After reading Tim's book, my hunch is "yes" on both counts. Mr. Rogers was aware of people's struggles, yet he focused on the good that he saw in them. He stressed their value, not their flaws. Mr. Rogers even had compassion for a paroled child molester he read about who was trying to get a new start in life, for he realized that the released convict was struggling with his inner compulsions. If Mr. Rogers could sympathize with someone who did that, then he truly had unconditional love. For Mr. Rogers, good was the way to overcome evil.
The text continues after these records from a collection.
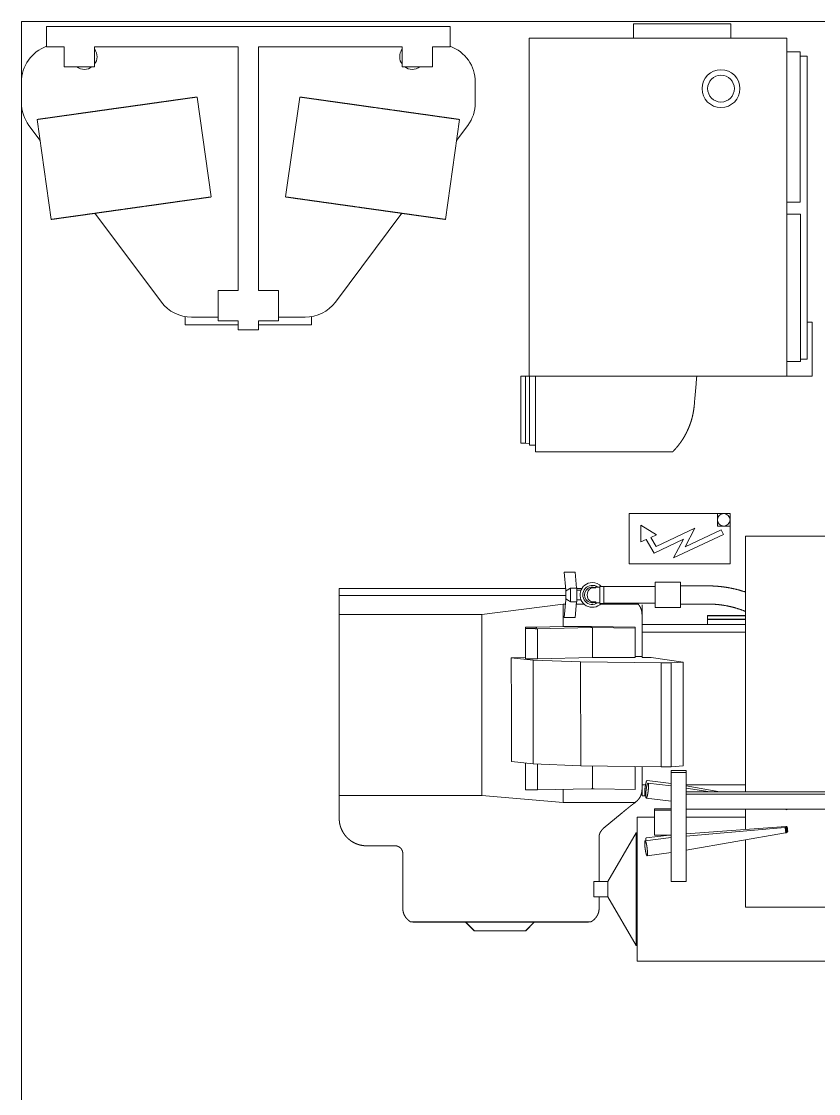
# Model space of a CAD drawing. Header units: millimetres. Extents: x 2905 to 8933, y 3109 to 7202.
# Drawn here: x 2905 to 4486, y 5078 to 7202 of the extents above; entities that cross this region are included whole.
import ezdxf

# ---------------------------------------------------------------- set-up
doc = ezdxf.new("R2010")
doc.units = ezdxf.units.MM
doc.layers.add('1', color=7, linetype='Continuous', true_color=0xffffff)

msp = doc.modelspace()

# ---------------------------------------------------------------- linework, layer by layer
at = {"layer": '1', "color": 4, "linetype": 'Continuous', "lineweight": 13}
for p, q in [((2905.1, 3108.9), (2905.1, 7201.9)), ((2905.1, 7201.9), (8933.1, 7201.9)), ((2905.1, 3108.9, -300), (2905.1, 7201.9, -300)), ((2905.1, 3108.9), (2905.1, 7201.9)), ((2905.1, 7201.9, -300), (2905.1, 7201.9)), ((2905.1, 7201.9), (8933.1, 7201.9)), ((2905.1, 7201.9, -300), (8933.1, 7201.9, -300)), ((2955.1, 7191.9), (2955.1, 7151.9)), ((3755.1, 7191.9), (2955.1, 7191.9)), ((3755.1, 7191.9), (3755.1, 7151.9)), ((4311.5, 7196.9), (4118.5, 7196.9)), ((4118.5, 7168.8), (4118.5, 7196.9)), ((4311.5, 7168.8), (4311.5, 7196.9)), ((3912, 7168.8), (4422.9, 7168.8)), ((3912, 6499.3), (3912, 7168.8)), ((4422.9, 7168.8), (4422.9, 6499.3)), ((2955.1, 7151.9), (2990.1, 7151.9)), ((2990.1, 7151.9), (2990.1, 7111.9)), ((3050.1, 7151.9), (3335.1, 7151.9)), ((3050.1, 7151.9), (3050.1, 7111.9)), ((3335.1, 7151.9), (3335.1, 6668.9)), ((3375.1, 7151.9), (3660.1, 7151.9)), ((3375.1, 7151.9), (3375.1, 6668.9)), ((3660.1, 7151.9), (3660.1, 7111.9)), ((3720.1, 7151.9), (3755.1, 7151.9)), ((3720.1, 7151.9), (3720.1, 7111.9)), ((4422.9, 7141.8), (4448.9, 7141.8)), ((4448.9, 6843.8), (4448.9, 7141.8)), ((4448.9, 7133), (4463.1, 7133)), ((4463.1, 6533), (4463.1, 7133)), ((3050.1, 7111.9), (2990.1, 7111.9)), ((3720.1, 7111.9), (3660.1, 7111.9)), ((3805.1, 7081.9), (3805.1, 7040.9)), ((3281.2, 6854.2), (3253.4, 7052.2)), ((3456.9, 7052.2), (3429, 6854.2)), ((2920.1, 6995.9), (2942.3, 6966.3)), ((2936.5, 7007.7), (2964.3, 6809.6)), ((3745.9, 6809.6), (3773.7, 7007.7)), ((3767.9, 6966.3), (3790.1, 6995.9)), ((4422.9, 6843.8), (4448.9, 6843.8)), ((3050.7, 6821.8), (3182.6, 6645.9)), ((3527.6, 6645.9), (3659.5, 6821.8)), ((4449.9, 6820.3), (4422.9, 6820.3)), ((4449.9, 6820.3), (4449.9, 6528.3)), ((3335.1, 6668.9), (3295.1, 6668.9)), ((3295.1, 6668.9), (3295.1, 6608.9)), ((3375.1, 6668.9), (3415.1, 6668.9)), ((3415.1, 6668.9), (3415.1, 6608.9)), ((3230.1, 6617), (3230.1, 6600.9)), ((3295.1, 6615.9), (3242.6, 6615.9)), ((3335.1, 6608.9), (3295.1, 6608.9)), ((3335.1, 6608.9), (3335.1, 6590.9)), ((3375.1, 6608.9), (3375.1, 6590.9)), ((3375.1, 6608.9), (3415.1, 6608.9)), ((3467.6, 6615.9), (3415.1, 6615.9)), ((3480.1, 6617), (3480.1, 6600.9)), ((3230.1, 6600.9), (3335.1, 6600.9)), ((3375.1, 6590.9), (3335.1, 6590.9)), ((3375.1, 6600.9), (3480.1, 6600.9)), ((4472.7, 6605.8), (4463.1, 6605.8)), ((4472.7, 6499.3), (4472.7, 6605.8)), ((4449.9, 6528.3), (4422.9, 6528.3)), ((4449.9, 6533), (4463.1, 6533)), ((3895.3, 6499.3), (3895.3, 6366.2)), ((3904.9, 6499.3), (3912, 6499.3)), ((3904.9, 6499.3), (3904.9, 6366.1)), ((3912, 6499.3), (4422.9, 6499.3)), ((3912.2, 6362.4), (3912.2, 6499.3)), ((3924.2, 6349.3), (3924.2, 6499.3)), ((4422.9, 6499.3), (4472.7, 6499.3)), ((3904.9, 6366.1), (3912.2, 6365.9)), ((3924.2, 6362.3), (3912.2, 6362.4)), ((4110.1, 6226.9), (4310.1, 6226.9)), ((4110.1, 6126.9), (4110.1, 6226.9)), ((4285.1, 6201.9), (4285.1, 6226.9)), ((4310.1, 6226.9), (4310.1, 6126.9)), ((4133.5, 6170.5), (4133.5, 6203.9)), ((4164.2, 6184.8), (4133.5, 6203.9)), ((4153.2, 6179.6), (4164.2, 6184.8)), ((4163.6, 6161.6), (4240.4, 6197.6)), ((4296.9, 6185.6), (4198.1, 6139.2)), ((4221, 6161), (4240.4, 6197.6)), ((4292.3, 6194.4), (4221, 6161)), ((4310.1, 6201.9), (4285.1, 6201.9)), ((4296.9, 6185.6), (4292.3, 6194.4)), ((4133.5, 6170.5), (4144.1, 6175.4)), ((4159.5, 6148.6), (4144.1, 6175.4)), ((4163.6, 6161.6), (4153.2, 6179.6)), ((4217.6, 6175.8), (4159.5, 6148.6)), ((4198.1, 6139.2), (4217.6, 6175.8)), ((4341.1, 6181.8), (4567.1, 6181.8)), ((4341.1, 6181.8), (4341.1, 5675.4)), ((4310.1, 6126.9), (4110.1, 6126.9)), ((3981.5, 6110.6), (4003.1, 6110.6)), ((3984.6, 6075.3), (3981.5, 6110.6)), ((4003.1, 6110.6), (4005.9, 6079)), ((3984.4, 6078.1), (3535.2, 6078.1)), ((3535.2, 6078.1), (3535.2, 6064.5)), ((3993.6, 6079), (4005.9, 6079)), ((4006.6, 6079.6), (4005.8, 6079.6)), ((4016, 6078.1), (4006.6, 6078.1)), ((4035.1, 6079.4), (4044.1, 6079.4)), ((4052.1, 6081.1), (4043.5, 6081.1)), ((4060.1, 6082.6), (4052.1, 6082.6)), ((4161.6, 6082.2), (4060.1, 6082.2)), ((4161.6, 6090.6), (4161.6, 6040.6)), ((4211.6, 6090.6), (4161.6, 6090.6)), ((4211.6, 6090.6), (4211.6, 6040.6)), ((4265.6, 6083.6), (4211.6, 6083.6)), ((3984.6, 6064.5), (3535.2, 6064.5)), ((3535.2, 6064.5), (3535.2, 6053.2)), ((3984.6, 6055.9), (3981.5, 6020.6)), ((3984.6, 6073.4), (3984.6, 6075.3)), ((3984.6, 6055.9), (3984.6, 6057.7)), ((4014.6, 6075.3), (4006.6, 6075.3)), ((4006.6, 6055.9), (4014.6, 6055.9)), ((4341.1, 6071.3), (4340.6, 6071.5)), ((3535.2, 6026.6), (3535.2, 6051.9)), ((3818.1, 6026.6), (3979, 6047.4)), ((3979, 6002.8), (3979, 6047.4)), ((3979, 6047.4), (3983.9, 6047.4)), ((3993.6, 6052.2), (4005.9, 6052.2)), ((4003.1, 6020.6), (4005.9, 6052.2)), ((4005.5, 6047.4), (4020.7, 6047.4)), ((4005.8, 6051.6), (4006.6, 6051.6)), ((4044.1, 6051.8), (4035.1, 6051.8)), ((4043.4, 6050.1), (4052.1, 6050.1)), ((4052.1, 6048.6), (4060.1, 6048.6)), ((4053.5, 6047.4), (4128, 6047.4)), ((4060.1, 6049), (4161.6, 6049)), ((4128, 6047.4), (4126.8, 6049)), ((4135.6, 6026.7), (4135.6, 6046.2)), ((4211.6, 6040.6), (4161.6, 6040.6)), ((4211.6, 6047.6), (4265.6, 6047.6)), ((3818.1, 6026.6), (3535.2, 6026.6)), ((3535.2, 5668.1), (3535.2, 6026.6)), ((3818.1, 5668.1), (3818.1, 6026.6)), ((3981.5, 6020.6), (4003.1, 6020.6)), ((4135.6, 5979), (4135.6, 6026.7)), ((4341.1, 6024.6), (4265.4, 6024.6)), ((4265.4, 6024.2), (4265.4, 6024.6)), ((4265.4, 6024.2), (4265.4, 6017.6)), ((4341.1, 6024.2), (4265.4, 6024.2)), ((4341.1, 6017.6), (4265.4, 6017.6)), ((4265.4, 6017.2), (4265.4, 6017.6)), ((4265.4, 6007.1), (4265.4, 6017.2)), ((4341.1, 6017.2), (4265.4, 6017.2)), ((3904.4, 5999), (3904.4, 6001.5)), ((3904.5, 5939), (3904.4, 5999)), ((3928.1, 5998.7), (3925.3, 5998.7)), ((3926.5, 6001.7), (3979, 6002.8)), ((3928.1, 5998.7), (4034.6, 6000.9)), ((3928.2, 5939.1), (3928.1, 5998.7)), ((3979, 6002.8), (4035.3, 6002.8)), ((4035.3, 6002.8), (4034.6, 6000.9)), ((4034.6, 6000.9), (4037.4, 6001)), ((4035.3, 6002.8), (4121.9, 6001.7)), ((4037.4, 6001), (4121.9, 5999.9)), ((4037.4, 5941.5), (4037.4, 6001)), ((4121.9, 6001.7), (4122, 5943.3)), ((4121.9, 5999.9), (4121.9, 6001.7)), ((4122, 5941.5), (4121.9, 5999.9)), ((4135.6, 5998.5), (4135.9, 5998.5)), ((4135.9, 6007.1), (4135.9, 5992.1)), ((4135.9, 6007.1), (4341.1, 6007.1)), ((4341.1, 5992.1), (4135.9, 5992.1)), ((4135.9, 5941.5), (4135.9, 5992.1)), ((4135.6, 5979), (4135.9, 5979)), ((3904.5, 5941.6), (3876.4, 5941)), ((3876.4, 5941), (3919.5, 5936.6)), ((3876.4, 5941), (3876.5, 5838.1)), ((3904.5, 5939), (3928.2, 5939.1)), ((3919.5, 5936.6), (4013.8, 5932.9)), ((3919.7, 5730.9), (3919.5, 5936.6)), ((3928.2, 5939.1), (4037.4, 5941.5)), ((4013.8, 5932.9), (4173.4, 5930.9)), ((4014, 5727.2), (4013.8, 5932.9)), ((4037.4, 5941.5), (4122, 5941.5)), ((4135.9, 5943.4), (4122, 5943.3)), ((4122, 5943.3), (4122, 5941.5)), ((4135.9, 5941.5), (4153.7, 5941.5)), ((4217.3, 5932.4), (4153.7, 5941.5)), ((4173.4, 5930.9), (4193.2, 5930.9)), ((4173.6, 5725.2), (4173.4, 5930.9)), ((4193.2, 5930.9), (4217.3, 5932.4)), ((4193.4, 5725.2), (4193.2, 5930.9)), ((4217.5, 5726.7), (4217.3, 5932.4)), ((3876.6, 5735.3), (3876.5, 5838.1)), ((3876.6, 5735.3), (3919.7, 5730.9)), ((3904.7, 5679.4), (3904.6, 5732.4)), ((3919.7, 5730.9), (4014, 5727.2)), ((3928.4, 5679.1), (3928.4, 5730.5)), ((4014, 5727.2), (4173.6, 5725.2)), ((4037.6, 5681.4), (4037.6, 5726.9)), ((4122.1, 5725.8), (4122.2, 5682.1)), ((4122.2, 5680.3), (4122.1, 5725.8)), ((4135.9, 5689.5), (4135.9, 5725.6)), ((4173.6, 5725.2), (4193.4, 5725.2)), ((4193.1, 5717.8), (4193.1, 5713.5)), ((4223.1, 5717.8), (4193.1, 5717.8)), ((4193.4, 5725.2), (4217.5, 5726.7)), ((4223.1, 5713.5), (4223.1, 5717.8)), ((4135.6, 5680.4), (4135.6, 5705.4)), ((4135.6, 5705.4), (4135.9, 5705.4)), ((4193.1, 5691.9), (4145.7, 5698)), ((4193.1, 5497.8), (4193.1, 5713.5)), ((4193.1, 5713.5), (4223.1, 5713.5)), ((4223.1, 5713.5), (4223.1, 5497.8)), ((3928.4, 5679.1), (3925.6, 5679.1)), ((3928.4, 5679.1), (4034.7, 5681.4)), ((3979, 5654.1), (3979, 5680.2)), ((4037.6, 5681.4), (4040.7, 5681.4)), ((4040.7, 5681.4), (4122.2, 5680.3)), ((4122.2, 5680.3), (4122.2, 5682.1)), ((4135.9, 5689.5), (4142.7, 5689.5)), ((4135.9, 5667.7), (4135.9, 5689.5)), ((4193.1, 5687.2), (4147.4, 5692.5)), ((4223.1, 5689.5), (4341.1, 5689.5)), ((4289.9, 5675.4), (4223.1, 5687)), ((4270.6, 5675.4), (4223.1, 5682.9)), ((4524.1, 5675.4), (4223.1, 5675.4)), ((3818.1, 5668.1), (3535.2, 5668.1)), ((3535.2, 5652.5), (3535.2, 5668.1)), ((3979, 5654.1), (3818.1, 5668.1)), ((4121.9, 5654.1), (3979, 5654.1)), ((4119.5, 5652.5), (4121.9, 5654.1)), ((4124.2, 5656), (4121.9, 5654.1)), ((4142.9, 5667.7), (4135.9, 5667.7)), ((4141.8, 5668.3), (4142.9, 5668.1)), ((4143.9, 5662.7), (4193.1, 5657)), ((4223.1, 5641.1), (4223.1, 5671)), ((4524.1, 5671), (4223.1, 5671)), ((3535.2, 5622.8), (3535.2, 5634)), ((4058.9, 5602.7), (4096.5, 5634)), ((4193.1, 5641.6), (4160.1, 5641.6)), ((4160.1, 5641.6), (4160.1, 5639.3)), ((4160.1, 5589.4), (4160.1, 5639.3)), ((4160.1, 5639.3), (4193.1, 5639.3)), ((4524.1, 5641.1), (4223.1, 5641.1)), ((4341.1, 5641.1), (4341.1, 5600.7)), ((4409.7, 5641.1), (4420.8, 5640.3)), ((4420.8, 5640.3), (4422.8, 5640)), ((4160.1, 5625.1), (4125.8, 5625.1)), ((4341.1, 5625.1), (4223.1, 5625.1)), ((4123.8, 5594.5), (4068.1, 5498)), ((4125.8, 5594.5), (4123.8, 5594.5)), ((4190, 5589.4), (4144, 5584)), ((4193.1, 5589.4), (4160.1, 5589.4)), ((4420.7, 5606.5), (4223.1, 5592.2)), ((4418.7, 5605), (4223.1, 5587.9)), ((4223.1, 5559.7), (4420.2, 5593.9)), ((4420.7, 5605.3), (4418.7, 5605)), ((4420.2, 5593.9), (4422.1, 5594.2)), ((4422.7, 5606.7), (4420.7, 5606.5)), ((4422.4, 5595.4), (4424, 5595.6)), ((3646.2, 5568.4), (3589.9, 5568.4)), ((4050.5, 5585.6), (4050.5, 5498)), ((4193.1, 5585.1), (4141.8, 5578.5)), ((4341.1, 5580.2), (4341.1, 5446.8)), ((3661.2, 5553.5), (3661.2, 5445)), ((4145.7, 5548.7), (4193.1, 5554.9)), ((4068.1, 5498), (4039.8, 5498)), ((4223.1, 5497.8), (4193.1, 5497.8)), ((4039.8, 5467.1), (4068.1, 5467.1)), ((4050.5, 5467.1), (4050.5, 5444.3)), ((4068.1, 5467.1), (4123.8, 5370.7)), ((4546.1, 5446.8), (4341.1, 5446.8)), ((4034.8, 5418.1), (3676.2, 5418.1)), ((3785.8, 5416.9), (3786.4, 5417.3)), ((3786.4, 5417.3), (3803.4, 5400.3)), ((3921.5, 5417.3), (3786.4, 5417.3)), ((3921.5, 5417.3), (3904.5, 5400.3)), ((3922, 5416.9), (3921.5, 5417.3)), ((3785.8, 5416.9), (3693.1, 5416.9)), ((3802.8, 5400), (3785.8, 5416.9)), ((3802.8, 5400), (3803.4, 5400.3)), ((3905, 5400), (3802.8, 5400)), ((3803.4, 5400.3), (3904.5, 5400.3)), ((3905, 5400), (3904.5, 5400.3)), ((3905, 5400), (3922, 5416.9)), ((4016.4, 5416.9), (3922, 5416.9)), ((4123.8, 5370.7), (4125.8, 5370.7)), ((4125.8, 5340.1), (4590.8, 5340.1))]:
    msp.add_line(p, q, dxfattribs=at)
for centre, radius in [((4292.2, 7068.8), 37.5), ((4292.2, 7068.8), 26.5), ((4297.6, 6214.4), 12.5)]:
    msp.add_circle(centre, radius, dxfattribs=at)
for centre, radius, start, end in [((2980.1, 7081.9), 75, 109.4723, 180), ((3030.1, 7131.9), 25, 323.1338, 36.8719), ((3680.1, 7131.9), 25, 143.1281, 216.8662), ((3730.1, 7081.9), 75, 0, 70.5277), ((3030.1, 7131.9), 25, 233.1281, 270), ((3030.1, 7131.9), 25, 270, 306.8719), ((3680.1, 7131.9), 25, 233.1281, 270), ((3680.1, 7131.9), 25, 270, 306.8719), ((2980.1, 7040.9), 75, 180, 216.8699), ((3730.1, 7040.9), 75, 323.1301, 0), ((3242.6, 6690.9), 75, 216.8699, 270), ((3467.6, 6690.9), 75, 270, 323.1301), ((4037.1, 6065.6), 24.5, 90, 316.0575), ((4037.1, 6065.6), 19, 54.6692, 305.3308), ((4037.1, 6065.6), 15.5, 63.1553, 296.8447), ((4042.2, 6065.6), 15.5, 117.1227, 242.8773), ((4037.1, 6065.6), 24.5, 43.9369, 90)]:
    msp.add_arc(centre, radius, start, end, dxfattribs=at)
for points, knots in [([(3253.4, 7052.2), (3253.3, 7052.2), (3253, 7052.2), (3251.8, 7052), (3250.9, 7051.9), (3248.5, 7051.5), (3245.3, 7051.1), (3241.3, 7050.5), (3236.6, 7049.9), (3231.2, 7049.1), (3225.1, 7048.2), (3218.3, 7047.3), (3210.9, 7046.3), (3207, 7045.7), (3198.7, 7044.5), (3189.9, 7043.3), (3185.3, 7042.7), (3175.8, 7041.3), (3165.9, 7039.9), (3155.6, 7038.5), (3145, 7037), (3134.1, 7035.5), (3128.6, 7034.7), (3117.5, 7033.1), (3111.9, 7032.3), (3100.6, 7030.8), (3089.3, 7029.2), (3078, 7027.6), (3066.8, 7026), (3055.8, 7024.5), (3044.9, 7022.9), (3034.3, 7021.4), (3024, 7020), (3014.1, 7018.6), (3009.3, 7017.9), (3000, 7016.6), (2991.2, 7015.4), (2982.9, 7014.2), (2979, 7013.7), (2971.6, 7012.6), (2968.1, 7012.1), (2961.6, 7011.2), (2955.9, 7010.4), (2950.8, 7009.7), (2948.6, 7009.4), (2944.6, 7008.8), (2941.4, 7008.4), (2940.1, 7008.2), (2938.1, 7007.9), (2936.9, 7007.7), (2936.6, 7007.7), (2936.5, 7007.7)], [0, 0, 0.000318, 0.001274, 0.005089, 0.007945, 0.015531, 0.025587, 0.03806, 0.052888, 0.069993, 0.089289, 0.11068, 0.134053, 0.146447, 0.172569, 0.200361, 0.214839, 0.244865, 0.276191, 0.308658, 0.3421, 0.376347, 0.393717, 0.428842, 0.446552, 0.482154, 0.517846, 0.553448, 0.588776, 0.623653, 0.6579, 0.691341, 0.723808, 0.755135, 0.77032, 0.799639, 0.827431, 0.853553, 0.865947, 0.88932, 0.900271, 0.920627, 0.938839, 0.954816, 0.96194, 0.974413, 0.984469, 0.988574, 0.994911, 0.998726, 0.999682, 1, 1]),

And, although the show and Tim's book present Mr. Rogers as virtually perfect, my hunch is that he wrestled with flaws of his own. In watching his show, how many times did I hear the song, "What do you do with the mad that you feel?" Dozens. I doubt that a person would emphasize the need to control anger that much if he himself did not struggle with it. Mr. Rogers most likely dealt with the same frustrations that everyone faces, but he chose to pursue the fruit of the Spirit: love, joy, peace, patience, goodness, kindness, and generosity.

And Mr. Rogers helped Tim heal. Tim had problems because his father had never told him he was proud of him, but Fred helped Tim to sympathize with his father and consider the good things that he had done. Tim's brother was dying, and Fred encouraged the brother that he was an inspiration because of his attitude of faith. And Fred assured Tim that it was all right to cry, which allowed Tim to let out all his bottled-up emotions of pain. And Fred did not help Tim overcome his inner demons--which Tim calls his "Furies"--by preaching to him, but rather through his unconditional love and acceptance. Tim also did not detect any pride in Mr. Rogers. Although he (and others) considered Fred to be a spiritual giant, they knew that Fred sincerely didn't view himself in that way.

As far as Mr. Rogers' theology was concerned, he saw God as a source of unconditional love and healing. He viewed people as good, so I don't know what his belief on original sin was. But he himself attended a Presbyterian church, meaning that he drew his doctrine from Christianity on some level. He was good friends with Henri Nouwen, a renowned priest and author who left behind his prominence in the Ivy League to minister to all sorts of people, and Fred was sad when Nouwen died.

Nouwen wrote a book called The Wounded Healer, which I read in college. In it, Nouwen argues that our wounded state can actually help us as we minister to others. I could detect from Tim's book that Fred himself was a wounded healer. When Fred was a child, bullies continually taunted him because he was shy and overweight, calling him "Fat Freddy." He was a loner, and in his solitude he created stories with his puppets. In high school, a popular student for some reason reached out to him, and Fred genuinely appreciated that gesture of friendship. He was devastated when his friend died years later.

Fred used his experiences--both bad and good--as a motivation to love rather than to hate. He encouraged kids that they were special, and he reached out to a reporter who wasn't even one of his fans. Celebrities have busy schedules and aren't always generous with their time, but Mr. Rogers chose Tim Madigan as a friend.

Over time, as Tim overcame his inner Furies, he gradually lost touch with Mr. Rogers. He took him for granted and thought that they would be friends forever, since Mr. Rogers was healthy and took care of his body. He wasn't prepared for Mr. Rogers' death to cancer in 2002. That part of the book is sad, but the book didn't end on a sad note. Tim says that he can still feel Mr. Rogers' presence, and he attributes that to the existence of an afterlife. For Tim, Mr. Rogers is in heaven with Tim's brother, Steve.

The book is a stirring account of the power of love and friendship, and it presents the personal side of one of America's favorite television icons. If Fred Rogers was an example of how God wants us to be, then I can take comfort that God is like that as well.